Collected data
----

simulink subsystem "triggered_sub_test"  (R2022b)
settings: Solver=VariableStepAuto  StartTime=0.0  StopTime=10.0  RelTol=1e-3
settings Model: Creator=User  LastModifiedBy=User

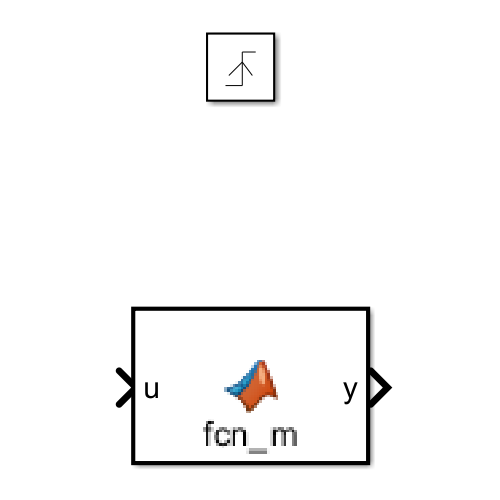
[thumbnail: Simulink's stored preview of the top-level diagram]
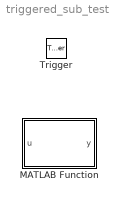
== system triggered_sub_test ==
  Trigger : TriggerPort  VariantControl=(inherit)  PortDimensions=1
  MATLAB Function : MATLAB Function  TreatAsAtomicUnit=on

== matlab function triggered_sub_test/MATLAB Function ==
  data: u input; y output
function y = fcn_m(u)
    y = fcn(u);
    
end
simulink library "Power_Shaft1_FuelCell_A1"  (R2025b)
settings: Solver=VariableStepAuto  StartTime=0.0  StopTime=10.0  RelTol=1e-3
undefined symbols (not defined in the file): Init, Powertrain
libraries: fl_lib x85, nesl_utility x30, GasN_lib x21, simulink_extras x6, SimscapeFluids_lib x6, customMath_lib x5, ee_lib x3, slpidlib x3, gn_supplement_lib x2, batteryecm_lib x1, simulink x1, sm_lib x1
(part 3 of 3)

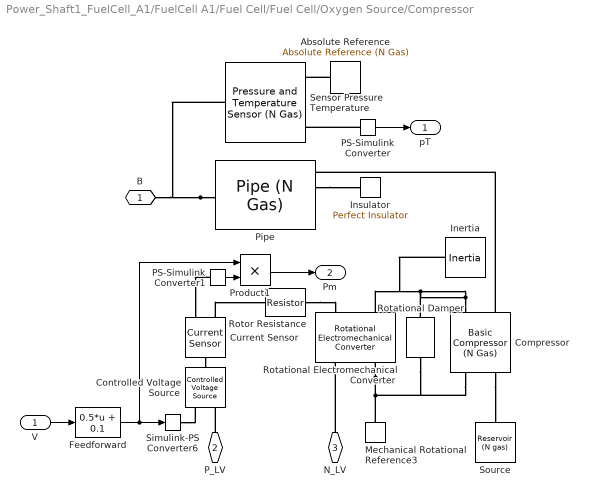
== system Power_Shaft1_FuelCell_A1/FuelCell A1/Fuel Cell/Fuel Cell/Oxygen Source/Compressor ==
  V : Inport
  Absolute Reference : GasN_lib/Absolute Reference (N Gas)
      settings: InternalSimscapePortConfiguration="{\"Bottom\":[],\"Left\":[{\"id\":\"A\",\"label\":\"\",\"type\":\"GasN.GasN\"}],\"Right\":[],\"Top\":[]}"
  Compressor : GasN_lib/Basic Compressor (N Gas)  pr_des=FuelCell.Compressor.rPressure.Value  mdot_corr_des=FuelCell.Compressor.mdotDesign.Value kg/s  omega_corr_des=FuelCell.Compressor.wDesign.Value rad/s  p_ref=FuelCell.Compressor.pReference.Value MPa  T_ref=FuelCell.Compressor.TReference.Value K  RH_ref=FuelCell.Compressor.relHumidity.Value  b1=FuelCell.Compressor.kSpeedCurve.Value  b2=FuelCell.Compressor.kSpeedOffset.Value  b3=FuelCell.Compressor.kSpeedSharp.Value  eta_poly=FuelCell.Compressor.effPolytropic.Value  eta_mech=FuelCell.Compressor.effMechanical.Value  area_A=FuelCell.Compressor.areaInlet.Value cm^2  area_B=FuelCell.Compressor.areaOutlet.Value cm^2  mdot_A_specify=off  mdot_A_priority=None  mdot_A=0.1 kg/s  mdot_A_nominal_specify=off  mdot_A_nominal_value=1  mdot_A_nominal_unit=kg/s  mdot_B_specify=off  mdot_B_priority=None  mdot_B=0.1 kg/s  mdot_B_nominal_specify=off  mdot_B_nominal_value=1  mdot_B_nominal_unit=kg/s  Phi_A_specify=off  Phi_A_priority=None  Phi_A=0 J/s  Phi_A_nominal_specify=off  Phi_A_nominal_value=1  Phi_A_nominal_unit=J/s  Phi_B_specify=off  Phi_B_priority=None  Phi_B=0 J/s  Phi_B_nominal_specify=off  Phi_B_nominal_value=1  Phi_B_nominal_unit=J/s  mdot_A_i_specify=off  mdot_A_i_priority=None  mdot_A_i=[ 0; 0; 0; 0 ] kg/s  mdot_A_i_nominal_specify=off  mdot_A_i_nominal_value=1  mdot_A_i_nominal_unit=kg/s  mdot_B_i_specify=off  mdot_B_i_priority=None  mdot_B_i=[ 0; 0; 0; 0 ] kg/s  mdot_B_i_nominal_specify=off  mdot_B_i_nominal_value=1  mdot_B_i_nominal_unit=kg/s  torque_specify=off  torque_priority=None  torque=1 N*m  torque_nominal_specify=off  torque_nominal_value=1  torque_nominal_unit=N*m
      settings: InternalSimscapePortConfiguration="{\"Bottom\":[],\"Left\":[{\"id\":\"A\",\"label\":\"A\",\"type\":\"GasN.GasN\"},{\"id\":\"Case\",\"label\":\"C\",\"type\":\"foundation.mechanical.rotational.rotational\"}],\"Right\":[{\"id\":\"B\",\"label\":\"B\",\"type\":\"GasN.GasN\"},{\"id\":\"Rod\",\"label\":\"R\",\"type\":\"foundation.mechanical.rotational.rotational\"}],\"Top\":[]}"
  Controlled Voltage Source : fl_lib/Electrical/Electrical Sources/Controlled Voltage Source
  Current Sensor : fl_lib/Electrical/Electrical Sensors/Current Sensor
  Feedforward : Fcn  Expr=0.5*u + 0.1
  Inertia : fl_lib/Mechanical/Rotational Elements/Inertia  inertia=FuelCell.Compressor.J.Value kg*m^2  num_ports=foundation.enum.numPorts2.one  w_specify=on  w_priority=High  w=0 rad/s  w_nominal_specify=off  w_nominal_value=1  w_nominal_unit=rad/s  t_specify=off  t_priority=None  t=0 N*m  t_nominal_specify=off  t_nominal_value=1  t_nominal_unit=N*m
  Insulator : fl_lib/Thermal/Thermal Elements/Perfect Insulator  T_specify=off  T_priority=None  T=0 K  T_nominal_specify=off  T_nominal_value=1  T_nominal_unit=K
  Mechanical Rotational Reference3 : fl_lib/Mechanical/Rotational Elements/Mechanical Rotational Reference
  PS-Simulink Converter : nesl_utility/PS-Simulink Converter  PhysicalDomain=network_engine_domain  SubClassName=ps_output  LeftPortType=input  RightPortType=output  PseudoPeriodic=off  Frequencies=[]  VectorFormat=1-D array  Unit=Pa  AffineConversion=off
  PS-Simulink Converter1 : nesl_utility/PS-Simulink Converter  PhysicalDomain=network_engine_domain  SubClassName=ps_output  LeftPortType=input  RightPortType=output  PseudoPeriodic=off  Frequencies=[]  VectorFormat=1-D array  Unit=A  AffineConversion=off
  Pipe : GasN_lib/Pipe (N Gas)  length=FuelCell.CompressorPipe.xPipe.Value m  area=FuelCell.CompressorPipe.areaPipe.Value cm^2  Dh=FuelCell.CompressorPipe.dHydraulic.Value cm  extra_length=FuelCell.CompressorPipe.xFriction.Value m  roughness=FuelCell.CompressorPipe.roughness.Value m  Re_lam=FuelCell.CompressorPipe.laminarReynoldsMax.Value  Re_tur=FuelCell.CompressorPipe.turbulentReynoldsMin.Value  shape_factor=FuelCell.CompressorPipe.frictionDarcy.Value  Nu_lam=FuelCell.CompressorPipe.laminarNusselt.Value  p0=FuelCell.CompressorPipe.p.Value MPa  T0=FuelCell.CompressorPipe.T.Value degC  comp=GasN.composition_enum.mole  y0=FuelCell.CompressorPipe.rMoleFractions.Value'  x0=[1; 0; 0; 0]  tau_c=FuelCell.CompressorPipe.timeCondensation.Value s  isCond=FuelCell.CompressorPipe.speciesCondensed.Value'
      settings: InternalSimscapePortConfiguration="{\"Bottom\":[],\"Left\":[{\"id\":\"A\",\"label\":\"A\",\"type\":\"GasN.GasN\"},{\"id\":\"H\",\"label\":\"H\",\"type\":\"foundation.thermal.thermal\"},{\"id\":\"MIn\",\"label\":\"M_in\",\"type\":\"input\"},{\"id\":\"TIn\",\"label\":\"T_in\",\"type\":\"input\"}],\"Right\":[{\"id\":\"B\",\"label\":\"B\",\"type\":\"GasN.GasN\"}],\"Top\":[]}"
  Product1 : Product
  Rotational Electromechanical Converter : fl_lib/Electrical/Electrical Elements/Rotational Electromechanical Converter  K=FuelCell.Compressor.KMotor.Value V/(rad/s)  i_specify=off  i_priority=None  i=0 A  i_nominal_specify=off  i_nominal_value=1  i_nominal_unit=A  v_specify=off  v_priority=None  v=0 V  v_nominal_specify=off  v_nominal_value=1  v_nominal_unit=V  t_specify=off  t_priority=None  t=0 N*m  t_nominal_specify=off  t_nominal_value=1  t_nominal_unit=N*m  w_specify=off  w_priority=None  w=0 rad/s  w_nominal_specify=off  w_nominal_value=1  w_nominal_unit=rad/s
  Rotational Damper : fl_lib/Mechanical/Rotational Elements/Rotational Damper  D=FuelCell.Compressor.b.Value N*m/(rad/s)  w_specify=off  w_priority=None  w=0 rad/s  w_nominal_specify=off  w_nominal_value=1  w_nominal_unit=rad/s  t_specify=off  t_priority=None  t=0 N*m  t_nominal_specify=off  t_nominal_value=1  t_nominal_unit=N*m
  Rotor Resistance : fl_lib/Electrical/Electrical Elements/Resistor  Tag=Factory Generic  R=FuelCell.Compressor.rMotor.Value Ohm  i_specify=off  i_priority=High  i=0 A  i_nominal_specify=off  i_nominal_value=1  i_nominal_unit=A  v_specify=off  v_priority=High  v=0 V  v_nominal_specify=off  v_nominal_value=1  v_nominal_unit=V
  Sensor Pressure Temperature : GasN_lib/Pressure and Temperature Sensor (N Gas)
      settings: InternalSimscapePortConfiguration="{\"Bottom\":[],\"Left\":[{\"id\":\"A\",\"label\":\"A\",\"type\":\"GasN.GasN\"}],\"Right\":[{\"id\":\"p\",\"label\":\"p\",\"type\":\"output\"},{\"id\":\"T\",\"label\":\"T\",\"type\":\"output\"},{\"id\":\"B\",\"label\":\"B\",\"type\":\"GasN.GasN\"}],\"Top\":[]}"
  Simulink-PS Converter6 : nesl_utility/Simulink-PS Converter  PhysicalDomain=network_engine_domain  SubClassName=ps_input  LeftPortType=input  RightPortType=output  PseudoPeriodic=off  Frequencies=[]  NoiseDistribution=none  NoiseParameters=[]  Unit=V  AffineConversion=off  FilteringAndDerivatives=filter  SimscapeFilterOrder=1  InputFilterTimeConstant=0.01  UdotUserProvided=0
  Source : GasN_lib/Reservoir (N gas)  p0=FuelCell.CompressorSource.p.Value MPa  T0=FuelCell.CompressorSource.T.Value degC  constCond=true  comp=GasN.composition_enum.mole  y0=FuelCell.CompressorSource.rMoleFractions.Value'  x0=[1; 0; 0; 0]  area=FuelCell.CompressorSource.areaPipe.Value cm^2
      settings: InternalSimscapePortConfiguration="{\"Bottom\":[],\"Left\":[{\"id\":\"A\",\"label\":\"A\",\"type\":\"GasN.GasN\"}],\"Right\":[],\"Top\":[]}"
  B : PMIOPort  Side=Left
  P_LV : PMIOPort  Port=2  Side=Right
  N_LV : PMIOPort  Port=3  Side=Right
  pT : Outport
  Pm : Outport  Port=2
  wires:
  Feedforward/1 -> Simulink-PS Converter6/1, Product1/1
  PS-Simulink Converter1/1 -> Product1/2
  Product1/1 -> Pm/1
  PS-Simulink Converter/1 -> pT/1
  V/1 -> Feedforward/1
  connections:
  Pipe/LConn2 -- Insulator/LConn1
  Rotor Resistance/RConn1 -- Rotational Electromechanical Converter/LConn1
  PS-Simulink Converter1/LConn1 -- Current Sensor/RConn1
  Compressor/LConn1 -- Source/LConn1
  Compressor/RConn1 -- Pipe/LConn1
  PS-Simulink Converter/LConn1 -- Sensor Pressure Temperature/RConn1
  Absolute Reference/LConn1 -- Sensor Pressure Temperature/RConn3
  Pipe/RConn1 -- Sensor Pressure Temperature/LConn1 -- B/RConn1
  Current Sensor/RConn2 -- Rotor Resistance/LConn1
  Current Sensor/LConn1 -- Controlled Voltage Source/LConn1
  Rotational Electromechanical Converter/RConn2 -- Rotational Damper/RConn1 -- Compressor/LConn2 -- Mechanical Rotational Reference3/LConn1
  N_LV/RConn1 -- Rotational Electromechanical Converter/RConn1
  P_LV/RConn1 -- Controlled Voltage Source/RConn2
  Simulink-PS Converter6/RConn1 -- Controlled Voltage Source/RConn1
  Compressor/RConn2 -- Inertia/LConn1 -- Rotational Electromechanical Converter/LConn2 -- Rotational Damper/LConn1

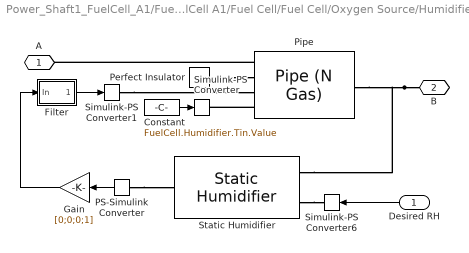
== system Power_Shaft1_FuelCell_A1/FuelCell A1/Fuel Cell/Fuel Cell/Oxygen Source/Humidifier ==
  Desired RH : Inport
  Constant : Constant  Value=FuelCell.Humidifier.Tin.Value
  Filter : Subsystem  mask(First-order lag supporting vector signals){b=[1 1 1 1]*0.01, x_initial=[0 0 0 0]}
      mask prompts: b "Filter time constant"; x_initial "Initial output"
      mask help: Models a lag of the form 1/(b*s+1) where s is the Laplace operator.
  Gain : Gain  Gain=[0;0;0;1]
  PS-Simulink Converter : nesl_utility/PS-Simulink Converter  PhysicalDomain=network_engine_domain  SubClassName=ps_output  LeftPortType=input  RightPortType=output  PseudoPeriodic=off  Frequencies=[]  VectorFormat=1-D array  Unit=1  AffineConversion=off
  Perfect Insulator : fl_lib/Thermal/Thermal Elements/Perfect Insulator  T_specify=off  T_priority=None  T=0 K  T_nominal_specify=off  T_nominal_value=1  T_nominal_unit=K
  Pipe : GasN_lib/Pipe (N Gas)  length=FuelCell.Humidifier.xPipe.Value m  area=FuelCell.Humidifier.areaPipe.Value cm^2  Dh=FuelCell.Humidifier.dHydraulic.Value cm  extra_length=FuelCell.Humidifier.xFriction.Value m  roughness=FuelCell.Humidifier.roughness.Value m  Re_lam=FuelCell.Humidifier.laminarReynoldsMax.Value  Re_tur=FuelCell.Humidifier.turbulentReynoldsMin.Value  shape_factor=FuelCell.Humidifier.frictionDarcy.Value  Nu_lam=FuelCell.Humidifier.laminarNusselt.Value  p0=FuelCell.Humidifier.p.Value MPa  T0=FuelCell.Humidifier.T.Value degC  comp=GasN.composition_enum.mole  y0=FuelCell.Humidifier.rMoleFractions.Value'  x0=[1; 0; 0; 0]  tau_c=FuelCell.Humidifier.timeCondensation.Value s  isCond=FuelCell.Humidifier.speciesCondensed.Value'
      settings: InternalSimscapePortConfiguration="{\"Bottom\":[],\"Left\":[{\"id\":\"A\",\"label\":\"A\",\"type\":\"GasN.GasN\"},{\"id\":\"H\",\"label\":\"H\",\"type\":\"foundation.thermal.thermal\"},{\"id\":\"MIn\",\"label\":\"M_in\",\"type\":\"input\"},{\"id\":\"TIn\",\"label\":\"T_in\",\"type\":\"input\"}],\"Right\":[{\"id\":\"B\",\"label\":\"B\",\"type\":\"GasN.GasN\"}],\"Top\":[]}"
  Simulink-PS Converter : nesl_utility/Simulink-PS Converter  PhysicalDomain=network_engine_domain  SubClassName=ps_input  LeftPortType=input  RightPortType=output  PseudoPeriodic=off  Frequencies=[]  NoiseDistribution=none  NoiseParameters=[]  Unit=1  AffineConversion=off  FilteringAndDerivatives=provide  SimscapeFilterOrder=1  InputFilterTimeConstant=0.001  UdotUserProvided=0
  Simulink-PS Converter1 : nesl_utility/Simulink-PS Converter  PhysicalDomain=network_engine_domain  SubClassName=ps_input  LeftPortType=input  RightPortType=output  PseudoPeriodic=off  Frequencies=[]  NoiseDistribution=none  NoiseParameters=[]  Unit=1  AffineConversion=off  FilteringAndDerivatives=provide  SimscapeFilterOrder=1  InputFilterTimeConstant=0.001  UdotUserProvided=0
  Simulink-PS Converter6 : nesl_utility/Simulink-PS Converter  PhysicalDomain=network_engine_domain  SubClassName=ps_input  LeftPortType=input  RightPortType=output  PseudoPeriodic=off  Frequencies=[]  NoiseDistribution=none  NoiseParameters=[]  Unit=1  AffineConversion=off  FilteringAndDerivatives=provide  SimscapeFilterOrder=1  InputFilterTimeConstant=0.001  UdotUserProvided=0
  Static Humidifier : gn_supplement_lib/Static Humidifier  Kp=0.5 kg/s
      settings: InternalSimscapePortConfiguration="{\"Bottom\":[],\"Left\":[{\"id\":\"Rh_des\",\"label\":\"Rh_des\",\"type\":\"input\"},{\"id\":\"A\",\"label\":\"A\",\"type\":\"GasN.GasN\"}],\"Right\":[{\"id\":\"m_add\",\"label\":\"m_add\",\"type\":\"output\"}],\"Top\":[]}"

----

▶ [Problem requirements]: Verbatim copy, pictures excluded: output the lines from the first line of the records above through the line containing "undefined symbols (not".

▶ [Expected answer]:
simulink subsystem "triggered_sub_test"  (R2022b)
settings: Solver=VariableStepAuto  StartTime=0.0  StopTime=10.0  RelTol=1e-3
settings Model: Creator=User  LastModifiedBy=User

[thumbnail: Simulink's stored preview of the top-level diagram]
== system triggered_sub_test ==
  Trigger : TriggerPort  VariantControl=(inherit)  PortDimensions=1
  MATLAB Function : MATLAB Function  TreatAsAtomicUnit=on

== matlab function triggered_sub_test/MATLAB Function ==
  data: u input; y output
function y = fcn_m(u)
    y = fcn(u);
    
end
simulink library "Power_Shaft1_FuelCell_A1"  (R2025b)
settings: Solver=VariableStepAuto  StartTime=0.0  StopTime=10.0  RelTol=1e-3
undefined symbols (not defined in the file): Init, Powertrain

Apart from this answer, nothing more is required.